Using the listing below, report each line holding the string "suppressed".
━━━━━━━━━━
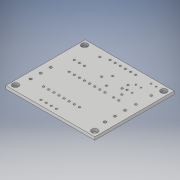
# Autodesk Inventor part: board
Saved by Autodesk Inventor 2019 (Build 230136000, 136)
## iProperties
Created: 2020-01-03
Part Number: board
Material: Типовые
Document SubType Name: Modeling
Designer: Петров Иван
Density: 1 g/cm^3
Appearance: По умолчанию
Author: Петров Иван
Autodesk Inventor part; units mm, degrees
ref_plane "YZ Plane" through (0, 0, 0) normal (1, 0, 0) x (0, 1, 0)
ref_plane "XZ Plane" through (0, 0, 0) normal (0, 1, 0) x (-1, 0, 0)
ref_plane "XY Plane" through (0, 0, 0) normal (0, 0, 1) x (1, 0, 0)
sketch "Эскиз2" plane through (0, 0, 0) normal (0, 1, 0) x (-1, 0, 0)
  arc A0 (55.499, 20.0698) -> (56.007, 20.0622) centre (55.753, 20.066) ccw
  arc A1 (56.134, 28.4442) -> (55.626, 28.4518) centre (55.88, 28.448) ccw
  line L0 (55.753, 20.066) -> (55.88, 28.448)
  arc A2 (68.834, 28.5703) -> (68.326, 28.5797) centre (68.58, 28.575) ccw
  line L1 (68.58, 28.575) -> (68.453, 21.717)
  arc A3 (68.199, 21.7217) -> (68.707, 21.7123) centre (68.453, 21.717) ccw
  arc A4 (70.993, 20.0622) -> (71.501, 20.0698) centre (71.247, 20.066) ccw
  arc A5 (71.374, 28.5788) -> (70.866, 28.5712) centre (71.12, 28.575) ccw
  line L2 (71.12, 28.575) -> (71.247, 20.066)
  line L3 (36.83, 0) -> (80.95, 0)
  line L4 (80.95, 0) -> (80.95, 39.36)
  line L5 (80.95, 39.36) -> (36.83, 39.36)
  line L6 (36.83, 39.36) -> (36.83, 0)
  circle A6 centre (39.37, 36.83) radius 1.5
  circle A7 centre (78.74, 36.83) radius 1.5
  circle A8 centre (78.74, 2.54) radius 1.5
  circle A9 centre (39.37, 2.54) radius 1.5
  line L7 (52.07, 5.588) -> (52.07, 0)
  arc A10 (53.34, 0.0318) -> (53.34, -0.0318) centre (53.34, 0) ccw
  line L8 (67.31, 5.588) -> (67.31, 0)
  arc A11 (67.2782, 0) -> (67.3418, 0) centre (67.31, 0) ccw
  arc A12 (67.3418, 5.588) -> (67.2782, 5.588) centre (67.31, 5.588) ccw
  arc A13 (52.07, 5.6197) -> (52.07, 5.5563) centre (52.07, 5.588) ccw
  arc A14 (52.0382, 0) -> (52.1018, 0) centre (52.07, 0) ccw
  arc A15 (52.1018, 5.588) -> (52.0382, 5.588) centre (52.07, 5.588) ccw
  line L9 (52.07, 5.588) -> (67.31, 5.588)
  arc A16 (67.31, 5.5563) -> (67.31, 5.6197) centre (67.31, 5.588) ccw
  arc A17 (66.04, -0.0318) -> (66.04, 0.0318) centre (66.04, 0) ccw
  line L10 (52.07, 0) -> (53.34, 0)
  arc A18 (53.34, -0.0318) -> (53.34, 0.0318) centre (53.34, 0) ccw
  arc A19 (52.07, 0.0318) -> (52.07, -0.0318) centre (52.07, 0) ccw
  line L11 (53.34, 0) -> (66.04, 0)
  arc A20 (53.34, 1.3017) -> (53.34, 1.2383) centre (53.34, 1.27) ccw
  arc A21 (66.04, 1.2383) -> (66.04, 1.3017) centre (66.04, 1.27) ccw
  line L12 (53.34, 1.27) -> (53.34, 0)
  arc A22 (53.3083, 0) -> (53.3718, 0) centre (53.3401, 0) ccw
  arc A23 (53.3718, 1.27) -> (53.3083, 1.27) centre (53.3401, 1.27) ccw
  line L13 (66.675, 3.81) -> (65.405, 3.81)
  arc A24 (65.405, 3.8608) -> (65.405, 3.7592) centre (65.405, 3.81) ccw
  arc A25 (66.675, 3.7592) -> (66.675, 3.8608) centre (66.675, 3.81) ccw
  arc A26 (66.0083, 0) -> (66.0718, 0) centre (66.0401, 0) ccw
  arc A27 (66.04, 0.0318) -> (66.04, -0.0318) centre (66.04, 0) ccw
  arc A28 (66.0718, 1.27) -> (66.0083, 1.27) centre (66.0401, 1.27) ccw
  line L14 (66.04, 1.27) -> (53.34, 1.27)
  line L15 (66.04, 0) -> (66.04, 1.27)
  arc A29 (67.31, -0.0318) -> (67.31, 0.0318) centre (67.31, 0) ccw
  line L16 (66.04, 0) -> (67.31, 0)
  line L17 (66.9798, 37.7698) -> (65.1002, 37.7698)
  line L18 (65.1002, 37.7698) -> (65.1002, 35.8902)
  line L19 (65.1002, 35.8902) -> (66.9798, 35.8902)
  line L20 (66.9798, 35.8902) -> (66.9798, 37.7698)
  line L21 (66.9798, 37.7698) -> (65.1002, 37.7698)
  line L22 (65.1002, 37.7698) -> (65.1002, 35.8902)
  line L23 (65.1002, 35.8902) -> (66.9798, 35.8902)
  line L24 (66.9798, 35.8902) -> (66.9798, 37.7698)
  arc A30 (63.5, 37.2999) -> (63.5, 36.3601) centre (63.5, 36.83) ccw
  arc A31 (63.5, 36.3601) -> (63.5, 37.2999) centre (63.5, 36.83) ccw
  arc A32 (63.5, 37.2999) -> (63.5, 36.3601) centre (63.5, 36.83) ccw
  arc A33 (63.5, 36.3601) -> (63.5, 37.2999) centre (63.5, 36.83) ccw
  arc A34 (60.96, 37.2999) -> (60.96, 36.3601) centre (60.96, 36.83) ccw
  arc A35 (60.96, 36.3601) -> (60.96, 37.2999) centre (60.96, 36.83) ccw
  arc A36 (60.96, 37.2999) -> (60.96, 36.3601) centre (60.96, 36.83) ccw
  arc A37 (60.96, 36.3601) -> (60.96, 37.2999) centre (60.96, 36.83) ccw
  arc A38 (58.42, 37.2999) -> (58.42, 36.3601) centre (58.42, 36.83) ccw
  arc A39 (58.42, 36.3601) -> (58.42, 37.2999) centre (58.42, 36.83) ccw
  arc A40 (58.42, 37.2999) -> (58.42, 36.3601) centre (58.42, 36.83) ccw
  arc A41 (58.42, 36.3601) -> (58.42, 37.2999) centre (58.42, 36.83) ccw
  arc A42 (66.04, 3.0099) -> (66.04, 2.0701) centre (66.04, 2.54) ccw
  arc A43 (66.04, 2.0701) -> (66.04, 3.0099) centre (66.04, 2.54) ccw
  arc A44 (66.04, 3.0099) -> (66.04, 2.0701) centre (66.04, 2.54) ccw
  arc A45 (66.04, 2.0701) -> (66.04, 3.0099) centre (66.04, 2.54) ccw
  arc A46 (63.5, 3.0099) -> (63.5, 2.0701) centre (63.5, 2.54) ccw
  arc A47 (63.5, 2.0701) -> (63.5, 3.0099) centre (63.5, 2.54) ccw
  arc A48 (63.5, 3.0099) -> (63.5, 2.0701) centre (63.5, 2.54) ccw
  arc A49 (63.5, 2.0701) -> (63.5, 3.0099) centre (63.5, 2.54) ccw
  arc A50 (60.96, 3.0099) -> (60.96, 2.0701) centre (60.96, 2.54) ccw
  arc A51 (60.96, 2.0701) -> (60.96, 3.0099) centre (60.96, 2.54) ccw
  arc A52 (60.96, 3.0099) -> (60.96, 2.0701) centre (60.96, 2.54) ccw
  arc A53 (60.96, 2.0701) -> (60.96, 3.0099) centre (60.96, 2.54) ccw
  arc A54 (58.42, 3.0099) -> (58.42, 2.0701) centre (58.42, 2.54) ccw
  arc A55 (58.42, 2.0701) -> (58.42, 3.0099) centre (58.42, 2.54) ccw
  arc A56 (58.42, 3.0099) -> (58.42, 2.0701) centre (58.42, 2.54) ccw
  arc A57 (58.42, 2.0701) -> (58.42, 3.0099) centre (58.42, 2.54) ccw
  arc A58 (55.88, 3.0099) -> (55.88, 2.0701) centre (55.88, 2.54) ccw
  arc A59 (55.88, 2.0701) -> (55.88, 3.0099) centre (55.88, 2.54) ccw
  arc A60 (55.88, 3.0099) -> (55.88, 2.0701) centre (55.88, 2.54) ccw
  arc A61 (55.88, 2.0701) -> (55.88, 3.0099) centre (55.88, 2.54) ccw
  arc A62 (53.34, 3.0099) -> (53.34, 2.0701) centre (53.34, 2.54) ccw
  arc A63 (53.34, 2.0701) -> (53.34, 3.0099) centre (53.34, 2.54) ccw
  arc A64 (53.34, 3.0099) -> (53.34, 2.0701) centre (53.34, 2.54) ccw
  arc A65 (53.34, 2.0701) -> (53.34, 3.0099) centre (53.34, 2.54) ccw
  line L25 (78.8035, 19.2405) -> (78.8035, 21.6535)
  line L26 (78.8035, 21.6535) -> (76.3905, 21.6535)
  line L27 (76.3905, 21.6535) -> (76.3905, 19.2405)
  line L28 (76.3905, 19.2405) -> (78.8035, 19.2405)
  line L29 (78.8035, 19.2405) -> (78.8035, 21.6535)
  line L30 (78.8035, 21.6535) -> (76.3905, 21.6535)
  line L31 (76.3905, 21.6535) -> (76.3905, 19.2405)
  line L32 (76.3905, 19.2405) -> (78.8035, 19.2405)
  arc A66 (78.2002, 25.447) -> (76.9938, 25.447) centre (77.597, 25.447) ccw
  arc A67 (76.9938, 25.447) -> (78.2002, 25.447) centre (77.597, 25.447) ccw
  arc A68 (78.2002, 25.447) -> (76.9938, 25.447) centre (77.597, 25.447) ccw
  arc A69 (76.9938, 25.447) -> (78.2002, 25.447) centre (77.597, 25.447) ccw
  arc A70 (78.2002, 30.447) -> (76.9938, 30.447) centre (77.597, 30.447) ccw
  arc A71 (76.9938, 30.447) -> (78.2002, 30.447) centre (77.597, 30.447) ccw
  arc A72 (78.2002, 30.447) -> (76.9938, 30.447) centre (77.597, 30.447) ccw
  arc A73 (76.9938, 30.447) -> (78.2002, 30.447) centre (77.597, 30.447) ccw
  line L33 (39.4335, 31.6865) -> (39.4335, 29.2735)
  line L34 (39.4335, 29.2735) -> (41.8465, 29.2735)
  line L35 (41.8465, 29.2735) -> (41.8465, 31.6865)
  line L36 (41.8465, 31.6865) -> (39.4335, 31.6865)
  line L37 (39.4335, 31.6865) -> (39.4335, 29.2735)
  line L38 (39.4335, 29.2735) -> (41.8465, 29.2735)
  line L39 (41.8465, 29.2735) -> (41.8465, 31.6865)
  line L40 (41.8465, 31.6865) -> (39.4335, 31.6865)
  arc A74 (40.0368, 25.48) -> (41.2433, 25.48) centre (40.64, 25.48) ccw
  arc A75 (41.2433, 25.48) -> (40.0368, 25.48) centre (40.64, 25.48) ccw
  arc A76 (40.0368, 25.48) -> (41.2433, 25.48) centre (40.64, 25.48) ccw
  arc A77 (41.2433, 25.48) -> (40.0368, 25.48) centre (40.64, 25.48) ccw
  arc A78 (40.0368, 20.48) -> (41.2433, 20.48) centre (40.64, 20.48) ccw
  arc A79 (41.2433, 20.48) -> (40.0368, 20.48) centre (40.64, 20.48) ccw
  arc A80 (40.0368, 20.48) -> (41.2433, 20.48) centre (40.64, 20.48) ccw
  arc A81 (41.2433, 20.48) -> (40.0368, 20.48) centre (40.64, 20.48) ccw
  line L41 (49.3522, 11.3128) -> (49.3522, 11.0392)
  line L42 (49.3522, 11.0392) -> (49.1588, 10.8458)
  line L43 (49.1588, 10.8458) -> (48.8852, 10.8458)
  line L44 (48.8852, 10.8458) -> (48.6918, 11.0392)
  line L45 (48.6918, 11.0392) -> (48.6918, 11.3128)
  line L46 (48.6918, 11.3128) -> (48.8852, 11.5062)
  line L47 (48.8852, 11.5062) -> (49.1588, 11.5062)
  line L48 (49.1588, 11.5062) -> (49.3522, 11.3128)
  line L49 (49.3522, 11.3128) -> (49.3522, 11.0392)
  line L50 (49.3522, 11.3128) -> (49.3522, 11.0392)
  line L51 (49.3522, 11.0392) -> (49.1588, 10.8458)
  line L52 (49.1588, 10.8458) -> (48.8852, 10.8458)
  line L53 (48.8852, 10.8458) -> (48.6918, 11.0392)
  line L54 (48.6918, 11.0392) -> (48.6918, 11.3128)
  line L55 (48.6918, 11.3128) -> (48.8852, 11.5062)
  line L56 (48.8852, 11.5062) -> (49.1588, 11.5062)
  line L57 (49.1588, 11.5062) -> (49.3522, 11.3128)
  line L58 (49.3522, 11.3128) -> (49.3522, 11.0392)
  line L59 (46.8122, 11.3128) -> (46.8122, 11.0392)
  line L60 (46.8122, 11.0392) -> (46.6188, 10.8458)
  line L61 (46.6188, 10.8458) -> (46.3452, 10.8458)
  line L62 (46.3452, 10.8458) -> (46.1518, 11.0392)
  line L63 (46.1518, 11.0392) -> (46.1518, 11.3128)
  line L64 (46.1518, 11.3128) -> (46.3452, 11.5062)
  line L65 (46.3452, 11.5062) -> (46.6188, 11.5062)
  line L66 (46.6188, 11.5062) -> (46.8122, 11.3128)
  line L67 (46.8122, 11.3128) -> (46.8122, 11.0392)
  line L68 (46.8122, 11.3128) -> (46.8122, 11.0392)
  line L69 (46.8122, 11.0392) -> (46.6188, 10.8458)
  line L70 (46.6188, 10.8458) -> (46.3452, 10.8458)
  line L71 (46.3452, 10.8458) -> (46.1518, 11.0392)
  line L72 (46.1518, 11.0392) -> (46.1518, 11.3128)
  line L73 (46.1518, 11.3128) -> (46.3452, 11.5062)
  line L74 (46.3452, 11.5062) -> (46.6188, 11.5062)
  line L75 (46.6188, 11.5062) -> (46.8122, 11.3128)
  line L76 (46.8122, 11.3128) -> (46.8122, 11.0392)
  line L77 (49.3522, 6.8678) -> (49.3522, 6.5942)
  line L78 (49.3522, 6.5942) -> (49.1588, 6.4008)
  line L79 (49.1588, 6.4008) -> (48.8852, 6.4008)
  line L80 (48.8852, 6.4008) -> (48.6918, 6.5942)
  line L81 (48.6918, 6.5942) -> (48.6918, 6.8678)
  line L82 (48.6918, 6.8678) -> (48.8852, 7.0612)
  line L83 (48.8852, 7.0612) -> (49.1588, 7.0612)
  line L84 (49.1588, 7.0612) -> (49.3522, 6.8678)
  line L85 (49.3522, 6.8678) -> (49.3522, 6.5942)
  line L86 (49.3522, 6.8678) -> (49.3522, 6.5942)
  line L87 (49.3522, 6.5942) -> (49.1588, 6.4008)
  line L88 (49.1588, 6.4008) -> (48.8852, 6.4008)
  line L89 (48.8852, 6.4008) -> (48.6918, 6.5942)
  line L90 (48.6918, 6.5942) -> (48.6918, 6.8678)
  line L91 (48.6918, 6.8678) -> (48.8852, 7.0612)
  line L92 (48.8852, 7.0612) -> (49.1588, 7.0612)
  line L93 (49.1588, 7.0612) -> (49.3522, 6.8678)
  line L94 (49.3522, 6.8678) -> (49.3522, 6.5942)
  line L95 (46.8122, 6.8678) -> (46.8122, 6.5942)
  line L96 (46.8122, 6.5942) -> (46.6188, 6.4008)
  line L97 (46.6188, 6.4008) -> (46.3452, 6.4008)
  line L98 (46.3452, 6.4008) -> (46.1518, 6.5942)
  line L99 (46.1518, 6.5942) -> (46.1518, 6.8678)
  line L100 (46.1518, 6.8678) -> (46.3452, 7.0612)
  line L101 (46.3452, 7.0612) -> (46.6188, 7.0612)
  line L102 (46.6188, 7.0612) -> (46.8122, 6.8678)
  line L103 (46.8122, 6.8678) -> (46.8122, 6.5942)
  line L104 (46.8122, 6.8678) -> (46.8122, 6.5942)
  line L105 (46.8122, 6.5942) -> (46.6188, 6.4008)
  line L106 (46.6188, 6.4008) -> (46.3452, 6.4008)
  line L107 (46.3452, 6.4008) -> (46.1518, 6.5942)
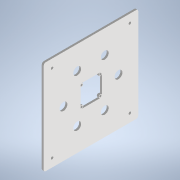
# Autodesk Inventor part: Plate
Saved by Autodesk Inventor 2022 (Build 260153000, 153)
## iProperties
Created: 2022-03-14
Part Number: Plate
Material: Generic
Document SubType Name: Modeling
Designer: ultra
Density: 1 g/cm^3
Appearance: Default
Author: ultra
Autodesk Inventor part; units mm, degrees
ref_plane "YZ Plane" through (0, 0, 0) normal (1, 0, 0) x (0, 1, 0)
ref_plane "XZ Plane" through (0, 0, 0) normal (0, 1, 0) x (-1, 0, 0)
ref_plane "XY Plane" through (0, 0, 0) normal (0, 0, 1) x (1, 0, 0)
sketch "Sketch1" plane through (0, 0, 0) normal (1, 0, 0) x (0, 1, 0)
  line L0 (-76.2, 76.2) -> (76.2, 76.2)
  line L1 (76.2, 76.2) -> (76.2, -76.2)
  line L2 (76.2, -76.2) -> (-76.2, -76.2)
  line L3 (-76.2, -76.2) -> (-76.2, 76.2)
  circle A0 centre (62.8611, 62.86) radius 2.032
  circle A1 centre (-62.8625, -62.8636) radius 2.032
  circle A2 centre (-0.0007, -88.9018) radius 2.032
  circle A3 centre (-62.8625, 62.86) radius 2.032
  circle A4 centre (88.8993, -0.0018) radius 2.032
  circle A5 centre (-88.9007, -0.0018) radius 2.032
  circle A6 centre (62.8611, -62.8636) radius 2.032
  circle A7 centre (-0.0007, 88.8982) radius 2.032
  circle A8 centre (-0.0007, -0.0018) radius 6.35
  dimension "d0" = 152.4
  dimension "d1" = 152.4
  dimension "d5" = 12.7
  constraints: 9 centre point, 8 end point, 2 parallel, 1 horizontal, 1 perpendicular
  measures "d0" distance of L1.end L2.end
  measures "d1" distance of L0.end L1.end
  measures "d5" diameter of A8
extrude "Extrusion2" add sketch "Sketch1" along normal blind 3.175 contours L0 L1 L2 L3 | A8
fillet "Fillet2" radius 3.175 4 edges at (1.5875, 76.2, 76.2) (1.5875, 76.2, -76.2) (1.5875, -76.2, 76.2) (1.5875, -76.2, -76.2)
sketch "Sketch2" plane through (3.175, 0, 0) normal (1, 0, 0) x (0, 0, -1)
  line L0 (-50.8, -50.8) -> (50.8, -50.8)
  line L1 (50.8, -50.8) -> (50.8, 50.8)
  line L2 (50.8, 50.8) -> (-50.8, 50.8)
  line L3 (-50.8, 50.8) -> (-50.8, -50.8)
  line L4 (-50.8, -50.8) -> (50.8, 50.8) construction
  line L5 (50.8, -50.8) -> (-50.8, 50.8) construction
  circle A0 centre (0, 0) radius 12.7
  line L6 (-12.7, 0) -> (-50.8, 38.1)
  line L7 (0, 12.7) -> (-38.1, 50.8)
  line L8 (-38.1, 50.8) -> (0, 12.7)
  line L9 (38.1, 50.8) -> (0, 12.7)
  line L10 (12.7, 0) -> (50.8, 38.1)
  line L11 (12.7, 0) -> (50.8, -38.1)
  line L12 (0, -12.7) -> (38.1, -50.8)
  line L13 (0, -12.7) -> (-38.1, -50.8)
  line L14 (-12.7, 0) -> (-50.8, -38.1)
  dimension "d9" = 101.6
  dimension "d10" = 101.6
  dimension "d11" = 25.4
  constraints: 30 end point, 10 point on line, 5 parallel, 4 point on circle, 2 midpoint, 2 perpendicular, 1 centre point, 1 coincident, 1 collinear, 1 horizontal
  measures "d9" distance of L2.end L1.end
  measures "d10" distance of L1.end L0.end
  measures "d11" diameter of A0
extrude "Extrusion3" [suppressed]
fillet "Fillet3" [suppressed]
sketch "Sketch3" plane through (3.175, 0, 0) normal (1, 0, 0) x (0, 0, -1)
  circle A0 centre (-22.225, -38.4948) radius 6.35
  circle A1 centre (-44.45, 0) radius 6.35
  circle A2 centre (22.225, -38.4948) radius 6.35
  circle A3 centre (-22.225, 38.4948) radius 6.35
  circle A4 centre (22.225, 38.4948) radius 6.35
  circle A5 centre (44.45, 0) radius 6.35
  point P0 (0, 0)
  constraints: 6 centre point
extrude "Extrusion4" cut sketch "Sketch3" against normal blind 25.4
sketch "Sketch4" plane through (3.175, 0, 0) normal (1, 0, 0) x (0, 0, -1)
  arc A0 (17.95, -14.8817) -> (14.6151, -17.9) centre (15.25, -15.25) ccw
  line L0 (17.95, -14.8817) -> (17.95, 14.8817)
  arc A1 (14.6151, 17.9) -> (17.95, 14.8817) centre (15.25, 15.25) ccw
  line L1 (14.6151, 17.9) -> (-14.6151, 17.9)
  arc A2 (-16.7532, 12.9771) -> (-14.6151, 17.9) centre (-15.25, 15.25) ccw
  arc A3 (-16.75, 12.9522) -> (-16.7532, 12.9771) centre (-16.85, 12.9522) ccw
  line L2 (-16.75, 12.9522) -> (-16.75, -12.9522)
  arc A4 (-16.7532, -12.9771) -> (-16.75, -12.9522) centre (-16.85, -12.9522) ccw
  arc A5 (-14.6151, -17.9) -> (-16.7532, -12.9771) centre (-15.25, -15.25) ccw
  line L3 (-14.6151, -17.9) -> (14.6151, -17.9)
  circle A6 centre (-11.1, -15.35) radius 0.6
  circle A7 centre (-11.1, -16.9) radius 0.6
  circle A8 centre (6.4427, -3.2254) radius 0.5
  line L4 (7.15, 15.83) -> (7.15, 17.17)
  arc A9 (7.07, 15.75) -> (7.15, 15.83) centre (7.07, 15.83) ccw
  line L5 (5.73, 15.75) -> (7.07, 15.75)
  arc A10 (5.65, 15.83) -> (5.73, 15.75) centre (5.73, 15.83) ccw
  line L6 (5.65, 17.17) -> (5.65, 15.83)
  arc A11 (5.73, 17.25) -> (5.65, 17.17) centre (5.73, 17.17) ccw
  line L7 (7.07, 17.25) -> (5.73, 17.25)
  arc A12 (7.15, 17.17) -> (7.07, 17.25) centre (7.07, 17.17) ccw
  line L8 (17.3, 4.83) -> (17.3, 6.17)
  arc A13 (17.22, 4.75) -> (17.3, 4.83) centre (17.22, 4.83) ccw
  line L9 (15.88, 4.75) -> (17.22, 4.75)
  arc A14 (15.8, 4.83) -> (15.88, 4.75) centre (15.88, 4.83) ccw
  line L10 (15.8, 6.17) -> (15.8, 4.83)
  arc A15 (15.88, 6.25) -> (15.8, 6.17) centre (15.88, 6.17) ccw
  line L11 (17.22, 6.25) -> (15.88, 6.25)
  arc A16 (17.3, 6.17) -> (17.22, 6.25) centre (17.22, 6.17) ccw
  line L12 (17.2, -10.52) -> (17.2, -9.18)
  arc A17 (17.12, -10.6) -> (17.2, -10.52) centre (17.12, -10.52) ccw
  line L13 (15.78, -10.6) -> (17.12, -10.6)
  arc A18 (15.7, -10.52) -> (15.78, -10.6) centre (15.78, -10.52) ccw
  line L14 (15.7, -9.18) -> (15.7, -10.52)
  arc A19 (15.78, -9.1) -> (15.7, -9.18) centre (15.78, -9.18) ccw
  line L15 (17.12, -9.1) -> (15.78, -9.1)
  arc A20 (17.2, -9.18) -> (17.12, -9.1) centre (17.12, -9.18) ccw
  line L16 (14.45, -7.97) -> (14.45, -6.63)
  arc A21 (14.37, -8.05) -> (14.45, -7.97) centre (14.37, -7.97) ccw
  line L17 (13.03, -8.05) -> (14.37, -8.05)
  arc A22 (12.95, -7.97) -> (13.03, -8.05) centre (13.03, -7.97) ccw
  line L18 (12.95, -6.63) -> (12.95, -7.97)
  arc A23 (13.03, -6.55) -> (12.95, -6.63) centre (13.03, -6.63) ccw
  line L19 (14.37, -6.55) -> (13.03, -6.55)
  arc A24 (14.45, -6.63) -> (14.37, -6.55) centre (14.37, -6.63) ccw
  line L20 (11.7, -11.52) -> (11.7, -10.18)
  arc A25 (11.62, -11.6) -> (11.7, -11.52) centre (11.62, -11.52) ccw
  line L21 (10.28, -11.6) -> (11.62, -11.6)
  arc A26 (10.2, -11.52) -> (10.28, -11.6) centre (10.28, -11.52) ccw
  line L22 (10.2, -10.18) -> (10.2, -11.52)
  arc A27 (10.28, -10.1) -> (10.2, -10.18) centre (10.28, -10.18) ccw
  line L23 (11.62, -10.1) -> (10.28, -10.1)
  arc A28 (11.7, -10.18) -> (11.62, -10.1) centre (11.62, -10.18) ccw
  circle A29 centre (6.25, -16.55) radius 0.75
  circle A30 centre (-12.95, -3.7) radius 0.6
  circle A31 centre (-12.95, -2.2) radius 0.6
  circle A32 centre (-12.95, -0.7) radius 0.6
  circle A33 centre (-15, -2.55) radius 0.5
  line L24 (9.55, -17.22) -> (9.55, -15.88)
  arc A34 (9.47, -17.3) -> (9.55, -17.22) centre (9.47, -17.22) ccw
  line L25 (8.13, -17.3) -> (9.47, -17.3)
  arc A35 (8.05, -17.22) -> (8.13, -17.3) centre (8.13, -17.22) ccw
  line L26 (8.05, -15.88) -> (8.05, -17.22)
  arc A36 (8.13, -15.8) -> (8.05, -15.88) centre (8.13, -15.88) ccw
━━━━━━━━━━
● **EXERCISE OUTPUT**:
extrude "Extrusion3" [suppressed]
fillet "Fillet3" [suppressed]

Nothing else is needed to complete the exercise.